🤖 AI Summary
To address the challenges of programming complexity for GPU/FPGA accelerators, high cross-node data movement overhead, and difficulty in energy-efficiency optimization in heterogeneous distributed HPC systems, this paper proposes a high-level programming framework based on SYCL 2020. Its core contributions are: (1) Celerity—a novel distributed task dispatching mechanism supporting standard SYCL semantics, enabling unified scheduling and load balancing across CPUs, GPUs, and FPGAs; and (2) SYnergy—a power-modeling-driven co-optimization extension that integrates feedback control with multi-level memory-aware task mapping to achieve energy-aware execution. The framework is fully compatible with mainstream SYCL implementations and requires no modifications to existing SYCL code. Experimental evaluation on heterogeneous clusters demonstrates up to a 2.3× improvement in energy efficiency and a 1.8× speedup in task dispatching throughput.
📝 Abstract
Programming modern high-performance computing systems is challenging due to the need to efficiently program GPUs and accelerators and to handle data movement between nodes.
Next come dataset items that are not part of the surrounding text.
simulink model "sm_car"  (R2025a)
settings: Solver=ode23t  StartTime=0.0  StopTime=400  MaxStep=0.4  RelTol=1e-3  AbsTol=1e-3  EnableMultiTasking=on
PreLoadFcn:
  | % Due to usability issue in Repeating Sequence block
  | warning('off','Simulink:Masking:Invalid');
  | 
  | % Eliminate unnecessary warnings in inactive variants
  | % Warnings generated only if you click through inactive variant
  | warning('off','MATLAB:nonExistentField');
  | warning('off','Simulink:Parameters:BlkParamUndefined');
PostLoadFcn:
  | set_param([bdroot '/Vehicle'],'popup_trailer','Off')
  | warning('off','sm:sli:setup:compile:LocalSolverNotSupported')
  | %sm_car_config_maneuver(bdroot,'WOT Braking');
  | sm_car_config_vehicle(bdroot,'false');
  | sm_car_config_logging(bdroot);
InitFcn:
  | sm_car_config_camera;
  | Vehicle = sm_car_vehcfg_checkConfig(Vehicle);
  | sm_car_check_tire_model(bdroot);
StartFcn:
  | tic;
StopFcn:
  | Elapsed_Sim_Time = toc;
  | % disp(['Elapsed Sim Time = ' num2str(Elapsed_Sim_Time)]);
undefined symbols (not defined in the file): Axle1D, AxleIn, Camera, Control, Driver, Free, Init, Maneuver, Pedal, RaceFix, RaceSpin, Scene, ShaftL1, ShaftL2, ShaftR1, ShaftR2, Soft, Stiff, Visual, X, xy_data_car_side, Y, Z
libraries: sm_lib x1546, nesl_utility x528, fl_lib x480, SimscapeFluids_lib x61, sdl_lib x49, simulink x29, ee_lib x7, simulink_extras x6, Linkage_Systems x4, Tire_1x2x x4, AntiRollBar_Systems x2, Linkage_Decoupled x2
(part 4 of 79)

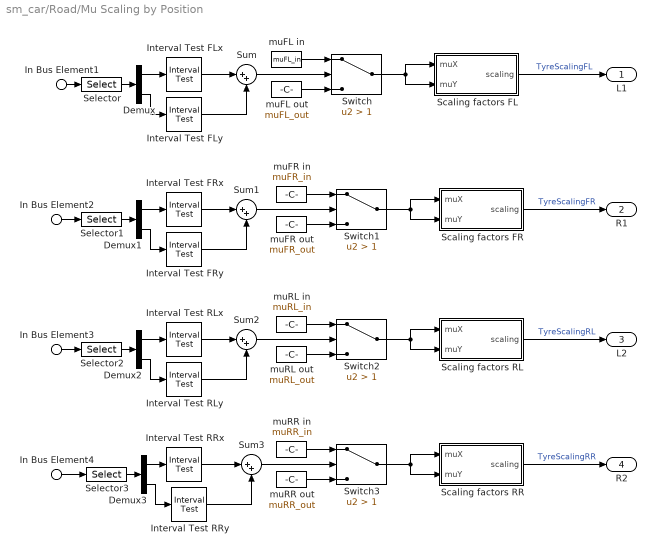
== system sm_car/Road/Mu Scaling by Position ==
  In Bus Element1 : Inport  PortName=Chassis  Element=WhlL1.xyz
  In Bus Element2 : Inport  PortName=Chassis  Element=WhlR1.xyz
  In Bus Element3 : Inport  PortName=Chassis  Element=WhlL2.xyz
  In Bus Element4 : Inport  PortName=Chassis  Element=WhlR2.xyz
  Demux{,1..3} (4 alike) : Demux  Outputs=2
  Interval Test FLx : simulink/Logic and Bit Operations/Interval Test  IntervalClosedRight=on  uplimit=intvX_FL_end  IntervalClosedLeft=on  lowlimit=intvX_FL_start  OutDataTypeStr=uint8
  Interval Test FLy : simulink/Logic and Bit Operations/Interval Test  IntervalClosedRight=on  uplimit=intvY_FL_end  IntervalClosedLeft=on  lowlimit=intvY_FL_start  OutDataTypeStr=uint8
  Interval Test FRx : simulink/Logic and Bit Operations/Interval Test  IntervalClosedRight=on  uplimit=intvX_FR_end  IntervalClosedLeft=on  lowlimit=intvX_FR_start  OutDataTypeStr=uint8
  Interval Test FRy : simulink/Logic and Bit Operations/Interval Test  IntervalClosedRight=on  uplimit=intvY_FR_end  IntervalClosedLeft=on  lowlimit=intvY_FR_start  OutDataTypeStr=uint8
  Interval Test RLx : simulink/Logic and Bit Operations/Interval Test  IntervalClosedRight=on  uplimit=intvX_RL_end  IntervalClosedLeft=on  lowlimit=intvX_RL_start  OutDataTypeStr=uint8
  Interval Test RLy : simulink/Logic and Bit Operations/Interval Test  IntervalClosedRight=on  uplimit=intvY_RL_end  IntervalClosedLeft=on  lowlimit=intvY_RL_start  OutDataTypeStr=uint8
  Interval Test RRx : simulink/Logic and Bit Operations/Interval Test  IntervalClosedRight=on  uplimit=intvX_RR_end  IntervalClosedLeft=on  lowlimit=intvX_RR_start  OutDataTypeStr=uint8
  Interval Test RRy : simulink/Logic and Bit Operations/Interval Test  IntervalClosedRight=on  uplimit=intvY_RR_end  IntervalClosedLeft=on  lowlimit=intvY_RR_start  OutDataTypeStr=uint8
  Scaling factors FL : Subsystem  mask{LKX=1, LKY=1, LKYC=1, LTR=1, LKZC=1}
      mask prompts: LKX "longitudinal slip stiffness"; LKY "cornering stiffness"; LKYC "camber stiffness"; LTR "pneumatic trail"; LKZC "camber torque stiffness"
  Scaling factors FR : Subsystem  mask{LKX=1, LKY=1, LKYC=1, LTR=1, LKZC=1}
      mask prompts: LKX "longitudinal slip stiffness"; LKY "cornering stiffness"; LKYC "camber stiffness"; LTR "pneumatic trail"; LKZC "camber torque stiffness"
  Scaling factors RL : Subsystem  mask{LKX=1, LKY=1, LKYC=1, LTR=1, LKZC=1}
      mask prompts: LKX "longitudinal slip stiffness"; LKY "cornering stiffness"; LKYC "camber stiffness"; LTR "pneumatic trail"; LKZC "camber torque stiffness"
  Scaling factors RR : Subsystem  mask{LKX=1, LKY=1, LKYC=1, LTR=1, LKZC=1}
      mask prompts: LKX "longitudinal slip stiffness"; LKY "cornering stiffness"; LKYC "camber stiffness"; LTR "pneumatic trail"; LKZC "camber torque stiffness"
  Selector{,1..3} (4 alike) : Selector  InputPortWidth=3  IndexOptions=Index vector (dialog)  Indices=[1 2]  OutputSizes=1
  Sum{,1..3} (4 alike) : Sum  Inputs=|++
  Switch : Switch  Criteria=u2 > Threshold  Threshold=1  ZeroCross=off  SaturateOnIntegerOverflow=off  InputSameDT=off
  Switch1 : Switch  Criteria=u2 > Threshold  Threshold=1  SaturateOnIntegerOverflow=off  InputSameDT=off
  Switch2 : Switch  Criteria=u2 > Threshold  Threshold=1  SaturateOnIntegerOverflow=off  InputSameDT=off
  Switch3 : Switch  Criteria=u2 > Threshold  Threshold=1  SaturateOnIntegerOverflow=off  InputSameDT=off
  muFL in : Constant  Value=muFL_in
  muFL out : Constant  Value=muFL_out
  muFR in : Constant  Value=muFR_in
  muFR out : Constant  Value=muFR_out
  muRL in : Constant  Value=muRL_in
  muRL out : Constant  Value=muRL_out
  muRR in : Constant  Value=muRR_in
  muRR out : Constant  Value=muRR_out
  L1 : Outport  VectorParamsAs1DForOutWhenUnconnected=off
  R1 : Outport  Port=2  VectorParamsAs1DForOutWhenUnconnected=off
  L2 : Outport  Port=3  VectorParamsAs1DForOutWhenUnconnected=off
  R2 : Outport  Port=4  VectorParamsAs1DForOutWhenUnconnected=off
  wires:
  Demux/1 -> Interval Test FLx/1
  Interval Test RRx/1 -> Sum3/1
  Demux3/2 -> Interval Test RRy/1
  Demux3/1 -> Interval Test RRx/1
  Sum3/1 -> Switch3/2
  Selector3/1 -> Demux3/1
  In Bus Element4/1 -> Selector3/1
  Interval Test RRy/1 -> Sum3/2
  Demux2/2 -> Interval Test RLy/1
  Selector2/1 -> Demux2/1
  Demux2/1 -> Interval Test RLx/1
  Interval Test RLy/1 -> Sum2/2
  Sum2/1 -> Switch2/2
  In Bus Element3/1 -> Selector2/1
  Interval Test RLx/1 -> Sum2/1
  Interval Test FRy/1 -> Sum1/2
  Selector1/1 -> Demux1/1
  Demux1/2 -> Interval Test FRy/1
  Sum1/1 -> Switch1/2
  Demux1/1 -> Interval Test FRx/1
  Interval Test FRx/1 -> Sum1/1
  Interval Test FLx/1 -> Sum/1
  Interval Test FLy/1 -> Sum/2
  Sum/1 -> Switch/2
  Demux/2 -> Interval Test FLy/1
  Selector/1 -> Demux/1
  muRR out/1 -> Switch3/3
  muRR in/1 -> Switch3/1
  Switch3/1 -> Scaling factors RR/2(muY), Scaling factors RR/1(muX)
  Scaling factors RR/1(scaling) -> R2/1  "TyreScalingRR"
  Scaling factors RL/1(scaling) -> L2/1  "TyreScalingRL"
  Switch2/1 -> Scaling factors RL/1(muX), Scaling factors RL/2(muY)
  muRL in/1 -> Switch2/1
  muRL out/1 -> Switch2/3
  muFR out/1 -> Switch1/3
  In Bus Element2/1 -> Selector1/1
  muFR in/1 -> Switch1/1
  Switch1/1 -> Scaling factors FR/2(muY), Scaling factors FR/1(muX)
  Scaling factors FR/1(scaling) -> R1/1  "TyreScalingFR"
  Scaling factors FL/1(scaling) -> L1/1  "TyreScalingFL"
  Switch/1 -> Scaling factors FL/1(muX), Scaling factors FL/2(muY)
  muFL out/1 -> Switch/3
  muFL in/1 -> Switch/1
  In Bus Element1/1 -> Selector/1

== system sm_car/Road/Road Surface Height ==
  Chassis : Inport
  None : Subsystem  VariantControl=None
  gz : Outport  VectorParamsAs1DForOutWhenUnconnected=off
  uvec : Outport  Port=2  VectorParamsAs1DForOutWhenUnconnected=off
  fcp : Outport  Port=3  VectorParamsAs1DForOutWhenUnconnected=off
  fco : Outport  Port=4  VectorParamsAs1DForOutWhenUnconnected=off
  fwc : Outport  Port=5  VectorParamsAs1DForOutWhenUnconnected=off

== system sm_car/Scopes/Subsystem ==
  In1 : Inport
  Bus Selector4 : BusSelector  OutputSignals=Chassis.Body.CG.vx,Chassis.Body.CG.vy,World.vx,World.vy,World.x,World.y
  Mux : Mux  Inputs=2
  Mux1 : Mux  Inputs=2
  Mux2 : Mux  Inputs=2
  Vel in xy plane : Fcn  Expr=sqrt(u(1)^2+u(2)^2)
  Vel in xy plane1 : Fcn  Expr=sqrt(u(1)^2+u(2)^2)
  Vel in xy plane2 : Fcn  Expr=sqrt(u(1)^2+u(2)^2)
  vBody : Outport  VectorParamsAs1DForOutWhenUnconnected=off
  vWorld : Outport  Port=2  VectorParamsAs1DForOutWhenUnconnected=off
  xWorld : Outport  Port=3  VectorParamsAs1DForOutWhenUnconnected=off
  wires:
  Bus Selector4/3 -> Mux1/1  "<vx>"
  Bus Selector4/4 -> Mux1/2  "<vy>"
  Bus Selector4/1 -> Mux/1  "<vx>"
  Vel in xy plane1/1 -> vWorld/1  "speed"
  In1/1 -> Bus Selector4/1
  Mux1/1 -> Vel in xy plane1/1
  Mux/1 -> Vel in xy plane/1
  Vel in xy plane/1 -> vBody/1  "speed"
  Bus Selector4/2 -> Mux/2  "<vy>"
  Mux2/1 -> Vel in xy plane2/1
  Bus Selector4/6 -> Mux2/2  "<y>"
  Bus Selector4/5 -> Mux2/1  "<x>"
  Vel in xy plane2/1 -> xWorld/1  "speed"

== system sm_car/Vehicle/Trailer ==
  "RdBus " : Inport
  "DrvBus " : Inport  Port=2
  "CtrlBus " : Inport  Port=3
  None : Subsystem  VariantControl=None
  " C" : PMIOPort  Side=Left
  " W" : PMIOPort  Port=2  Side=Left
  " Hitch" : PMIOPort  Port=3  Side=Right
  " VehBus" : Outport  VectorParamsAs1DForOutWhenUnconnected=off

== system sm_car/Vehicle/Vehicle ==
  In Bus Element2 : Inport  PortName=RdBus
  In Bus Element : Inport  Port=2  PortName=DrvBus
  In Bus Element3 : Inport  Port=2  PortName=DrvBus
  In Bus Element6 : Inport  Port=3  PortName=CtrlBus  Element=Brakes
  In Bus Element5 : Inport  Port=3  PortName=CtrlBus  Element=Chassis
  In Bus Element1 : Inport  Port=3  PortName=CtrlBus  Element=Power
  In Bus Element4 : Inport  Port=3  PortName=CtrlBus  Element=Driveline
  Body to World : Subsystem  Variant=on  VariantControlMode=label  VariantControl=Choice  LabelModeActiveChoice=Free  mask{popup_BodyToWorld=Free, SpecifyPosTarget=on}
      mask prompts: popup_BodyToWorld "Body To World Connection"; SpecifyPosTarget "Specify Position Target"
      mask init:
      | bh = gcb;
      | b2w = get_param(bh,'popup_BodyToWorld');
      | set_param(bh,'LabelModeActiveChoice',b2w)
      | if(strcmp(b2w,'Free'))
      |     set_param([bh '/Free'],'SpecifyPosTarget',get_param(bh,'SpecifyPosTarget'));
      | end
      mask TypeOptions popup_BodyToWorld: Free | Rigid
      mask Display: disp(' ')
  Brakes : Subsystem  Tag=PublishSubsystem  Variant=on  VariantControlMode=label  VariantControl=Variant1  LabelModeActiveChoice=PedalAbstract_DiscDisc  mask(Brake System){Brakes=Vehicle.Brakes, VariantLabel=Vehicle.Brakes.class.Value}
      mask prompts: Brakes "Brake Parameters"; VariantLabel "Variant Label"
      mask help: Select option and provide parameters for brakes. Option is chosen by string provided in Variant Label. The parameters for the selected option are contained in Brakes data structure.
      mask init:
      | curblk = gcb;
      | 
      | % Set variant for this block 
      | set_param(curblk,'LabelModeActiveChoice',VariantLabel);
      settings: AttributesFormatString=%<ActiveVariant>
  Chassis : Subsystem  Tag=PublishSubsystem  VariantControl=Chassis  mask(Chassis){Chassis=Vehicle.Chassis, Init=Init, mask_image_name=sm_car_vehicle_chassis_hamba_IMAGE.png, veh_index=veh_index}
      mask prompts: Chassis "Vehicle Parameters"; Init "Initial Values"; mask_image_name "Mask Image (string)"; veh_index "Vehicle Index (for tires)"
      mask help: Models vehicle chassis, with suspension, body, tires, springs, and dampers.
      mask Help: web('sm_car_doc_chassis.html')
      mask Display:
      | % Get image from BodyGeometry.class
      | % (active choice for Body Geometry subsystem)
      | temp_veh_bg_class = lower(get_param([gcb '/Body/Body Geometry'],'LabelModeActiveChoice'));
      | 
      | imagestr = (['sm_car_chassis_' temp_veh_bg_class '.png']);
      | if(~exist(imagestr))
      |     imagestr = ['sm_car_chassis_default.png'];
      | end
      | 
      | image(imagestr);
  Powertrain : Subsystem  mask(Powertrain, 2-Axle){Powertrain=Vehicle.Powertrain}
      mask prompts: Powertrain "Powertrain Parameters"
      mask help: Models power source and driveline for two-axle vehicles. The parameters for the selected options are contained in Powertrain data structure.
      mask Display: image('sm_car_vehicle_powertrain_IMAGE.png')
  Wheel Spin : Subsystem  Variant=on  VariantControlMode=label  VariantControl=Choice  LabelModeActiveChoice=Free  mask(Lock / Unlock Wheels){popup_wheel_spin=Free}
      mask prompts: popup_wheel_spin "Wheel Spin"
      mask help: For kinematics and compliance tests, the wheels need to be locked so they cannot spin. Leave unlocked for all other tests.
      mask init:
      | bh = gcb;
      | wspin = get_param(bh,'popup_wheel_spin');
      | set_param(bh,'LabelModeActiveChoice',wspin)
      settings: AttributesFormatString=%<popup_wheel_spin>
      mask TypeOptions popup_wheel_spin: Free | Lock
      mask Display: disp(' ')
  C : PMIOPort  Side=Left
  W : PMIOPort  Port=2  Side=Left
  HitchR : PMIOPort  Port=3  Side=Left
  HitchF : PMIOPort  Port=4  Side=Right
  Out Bus Elemet5 : Outport  VectorParamsAs1DForOutWhenUnconnected=off  PortName=VehBus  Element=Chassis
  Out Bus Element : Outport  VectorParamsAs1DForOutWhenUnconnected=off  PortName=VehBus  Element=Brakes
  Out Bus Element1 : Outport  VectorParamsAs1DForOutWhenUnconnected=off  PortName=VehBus  Element=Driveline
  Out Bus Element2 : Outport  VectorParamsAs1DForOutWhenUnconnected=off  PortName=VehBus  Element=World
  Out Bus Element3 : Outport  VectorParamsAs1DForOutWhenUnconnected=off  PortName=VehBus  Element=Power
  wires:
  In Bus Element5/1 -> Chassis/3(CtrlBus)
  Brakes/1(" OutB") -> Out Bus Element/1
  Chassis/1(VehBus) -> [VehB], Out Bus Elemet5/1
  In Bus Element2/1 -> Chassis/2(RdBus)
  In Bus Element/1 -> Chassis/1(DrvBus)
  In Bus Element6/1 -> Brakes/2("CtrlBus ")
  Body to World/1(World) -> Out Bus Element2/1
  In Bus Element3/1 -> Brakes/1("DrvBus ")
  In Bus Element4/1 -> Powertrain/1(CtrlD)
  In Bus Element1/1 -> Powertrain/2(CtrlP)
  Powertrain/1(OutD) -> Out Bus Element1/1
  Powertrain/2(OutP) -> Out Bus Element3/1
  [VehB] -> Powertrain/3(VehB)
  connections:
  Brakes/RConn2 -- Chassis/RConn6 -- Wheel Spin/RConn2 -- Powertrain/RConn4
  Chassis/RConn5 -- Powertrain/RConn3 -- Wheel Spin/RConn1 -- Brakes/RConn1
  HitchR/RConn1 -- Chassis/LConn1
  C/RConn1 -- Body to World/LConn1 -- Chassis/RConn1
  Body to World/RConn1 -- W/RConn1
  Brakes/LConn2 -- Chassis/LConn4 -- Wheel Spin/LConn2 -- Powertrain/LConn3
  Brakes/LConn1 -- Chassis/LConn3 -- Wheel Spin/LConn1 -- Powertrain/LConn2
  HitchF/RConn1 -- Chassis/RConn2
  Powertrain/LConn1 -- Chassis/LConn2
  Powertrain/RConn2 -- Chassis/RConn4
  Chassis/RConn3 -- Powertrain/RConn1

== system sm_car/Vehicle/Vehicle Constraint ==
  No Constraint : Subsystem  VariantControl=NoConstraint
  F : PMIOPort  Side=Right
  B : PMIOPort  Port=2  Side=Left

== system sm_car/Visualization/Dashboard ==
  VehBus : Inport
  DrvBus : Inport  Port=2
  Accelerator Pedal : LinearGaugeBlock  LabelPosition=Hide  ScaleMax=1  FontColor=[0.0, 0.0, 0.0]
  Brake Pedal : LinearGaugeBlock  ScaleMax=1  FontColor=[0.0, 0.0, 0.0]
  Bus Selector : BusSelector  OutputSignals=Chassis.Body.CG.vx
  Bus Selector2 : BusSelector  OutputSignals=aSteerWheel,rAccelPedal,rBrakePedal
  Gain : Gain  Gain=180/pi
  Gain1 : Gain  Gain=3.6
  Speed (kph) : CustomWebBlock  LabelPosition=Hide  ShowInitialText=on  Configuration="{\"components\":[{\"name\":\"CircularScaleComponent\",\"settings\":{\"bounds\":{\"max\":150,\"min\":0,\"tickInterval\":\"auto\"},\"direction\":\"cw\",\"flipLimits\":0,\"innerRadius\":0.46396628518311167,\"internalTickHeightScaleFactor\":1,\"labelColor\":[250,245,200],\"labelFont\":{\"font\":\"Arial\",\"fontSize\":12},\"labelRadius\":0.36,\"labelTransparency\":1,\"minorTickHeightScaleFactor\":0.2,\"needleImage\":{\"size\":[1890,567],\"src\":\"data:image\\/svg+xml;base64,PD94bWwgdmVyc2lvbj0iMS4wIiBlbmNvZGluZz0iVVRGLTgiIHN0YW5kYWxvbmU9Im5vIj8+CjxzdmcKICAgeG1sbnM6ZGM9Imh0dHA6Ly9wdXJsLm9yZy9kYy9lbGVtZW50cy8xLjEvIgogICB4bWxuczpjYz0iaHR0cDovL2NyZWF0aXZlY29tbW9ucy5vcmcvbnMjIgogICB4bWxuczpyZGY9Imh0dHA6Ly93d3cudzMub3JnLzE5OTkvMDIvMjItcmRmLXN5bnRheC1ucyMiCiAgIHhtbG5zOnN2Zz0iaHR0cDovL3d3dy53My5vcmcvMjAwMC9zdmciCiAgIHhtbG5zPSJodHRwOi8vd3d3LnczLm9yZy8yMDAwL3N2ZyIKICAgeG1sbnM6 ...(+4096 chars)\"},\"needleOffset\":[0.14,0],\"needleOrientation\":-45,\"needleRotation\":180,\"needleSize\":{\"height\":0.13,\"width\":0.41},\"outerRadius\":0.6228849068763098,\"position\":[0,0,1,1],\"scaleAngle\":299.999999999988,\"scaleAngleOffset\":119.46147497096791,\"scaleColors\":[],\"scaleColorsSize\":0.2,\"scalePosition\":[0,0,1,1],\"showLabels\":1,\"showMinorTicks\":1,\"showSpanLine\":1,\"showTicks\":1,\"tickColor\":[250,245,200],\"tickTransparency\":1,\"valueBarColor\":[23,89,176],\"valueBarPosition\":[0,0,1,1],\"valueBarSize\":0.2,\"valueBarTransparency\":1}},{\"name\":\"BackgroundImageComponent\",\"settings\":{\"image\":{\"size\":[500,500],\"src\":\"data:image\\/svg+xml;base64,PD94bWwgdmVyc2lvbj0iMS4wIiBlbmNvZGluZz0iVVRGLTgiIHN0YW5kYWxvbmU9Im5vIj8+CjwhLS0gR2VuZXJhdG9yOiBBZG9iZSBJbGx1c3RyYXRvciAxOS4yLjEsIFNWRyBFeHBvcnQgUGx1Zy1JbiAuIFNWRyBWZXJzaW9uOiA2LjAwIEJ1aWxkIDApICAtLT4KCjxzdmcKICAgeG1sbnM6ZGM9Imh0dHA6Ly9wdXJsLm9yZy9kYy9lbGVtZW50cy8xLjEvIgogICB4bWxuczpjYz0iaHR0cDovL2NyZWF0aXZlY29tbW9ucy5vcmcvbnMjIgogICB4bWxuczpyZGY9Imh0dHA6Ly93d3cudzMub3JnLzE5OTkvMDIvMjItcmRmLXN5bnRh ...(+9660 chars)\",\"srcOrientation\":\"horizontal\"},\"position\":[0,0,1,1],\"scaleMode\":\"0\"}},{\"name\":\"ForegroundImageComponent\",\"settings\":{\"image\":{\"size\":[0,0],\"src\":\"default\",\"srcOrientation\":[]},\"isForeground\":1,\"position\":[0,0,1,1],\"scaleMode\":\"0\"}}],\"settings\":{\"BindingType\":\"signal\",\"backgroundOffset\":0.14,\"backgroundOpacity\":1,\"fixedAspectRatio\":\"on\",\"orientation\":\"horizontal\",\"showBackgroundColor\":0},\"type\":\"CircularGauge\"}"
  Steering Wheel Angle : SemiCircularGaugeBlock  LabelPosition=Hide  ScaleMin=-80  ScaleMax=80  TickInterval=20  FontColor=[0.0, 0.0, 0.0]
  Terminator{,1..3} (4 alike) : Terminator
  wires:
  VehBus/1 -> Bus Selector/1
  DrvBus/1 -> Bus Selector2/1
  Bus Selector/1 -> Gain1/1  "<vx>"
  Gain/1 -> Terminator1/1  "aSteerWheel deg"
  Bus Selector2/3 -> Terminator3/1  "<rBrakePedal>"
  Bus Selector2/1 -> Gain/1  "<aSteerWheel>"
  Bus Selector2/2 -> Terminator2/1  "<rAccelPedal>"
  Gain1/1 -> Terminator/1  "Speed (kph)"

== system sm_car/Visualization/Data for Unreal ==
  VehBus : Inport
  DrvBus : Inport  Port=2
  Bus Selector : BusSelector  OutputSignals=aSteerWheel
  Bus Selector1 : BusSelector  OutputSignals=World.x,World.y,World.z  OutputAsBus=on
  Bus Selector2 : BusSelector  OutputSignals=World.aRoll,World.aPitch,World.aYaw  OutputAsBus=on
  Bus Selector5 : BusSelector  OutputSignals=Chassis.WhlL1.n,Chassis.WhlR1.n,Chassis.WhlL2.n,Chassis.WhlR2.n
  Bus Selector6 : BusSelector  OutputSignals=Chassis.WhlL1.aCamber,Chassis.WhlR1.aCamber,Chassis.WhlL2.aCamber,Chassis.WhlR2.aCamber
  Mux : Mux
  Mux1 : Mux
  xyz : Outport  VectorParamsAs1DForOutWhenUnconnected=off
  rpy : Outport  Port=2  VectorParamsAs1DForOutWhenUnconnected=off
  ws : Outport  Port=3  VectorParamsAs1DForOutWhenUnconnected=off
  aCamber : Outport  Port=4  VectorParamsAs1DForOutWhenUnconnected=off
  aSteerWheel : Outport  Port=5  VectorParamsAs1DForOutWhenUnconnected=off
  wires:
  Bus Selector/1 -> aSteerWheel/1  "<aSteerWheel>"
  Bus Selector6/4 -> Mux1/4  "<aCamber>"
  Bus Selector6/3 -> Mux1/3  "<aCamber>"
  Bus Selector6/2 -> Mux1/2  "<aCamber>"
  Mux/1 -> ws/1  "ws"
  Bus Selector2/1 -> rpy/1  "rpy"
  Bus Selector6/1 -> Mux1/1  "<aCamber>"
  Bus Selector5/1 -> Mux/1  "<n>"
  Bus Selector5/2 -> Mux/2  "<n>"
  Bus Selector5/4 -> Mux/4  "<n>"
  DrvBus/1 -> Bus Selector/1
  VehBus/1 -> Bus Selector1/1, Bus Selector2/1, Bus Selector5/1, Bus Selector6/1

The C++ language has been continuously enhanced in recent years with features that greatly increase productivity. In particular, the C++-based SYCL standard provides a powerful programming model for heterogeneous systems that can target a wide range of devices, including multicore CPUs, GPUs, FPGAs, and accelerators, while providing high-level abstractions. This presentation introduces our research efforts to design a SYCL-based high-level programming interface that provides advanced techniques such as task distribution and energy optimization. The key insight is that SYCL semantics can be easily extended to provide advanced features for easy integration into existing SYCL programs. In particular, we will highlight two SYCL extensions that are designed to deal with workload distribution on accelerator clusters (Celerity) and with energy-efficient computing (SYnergy).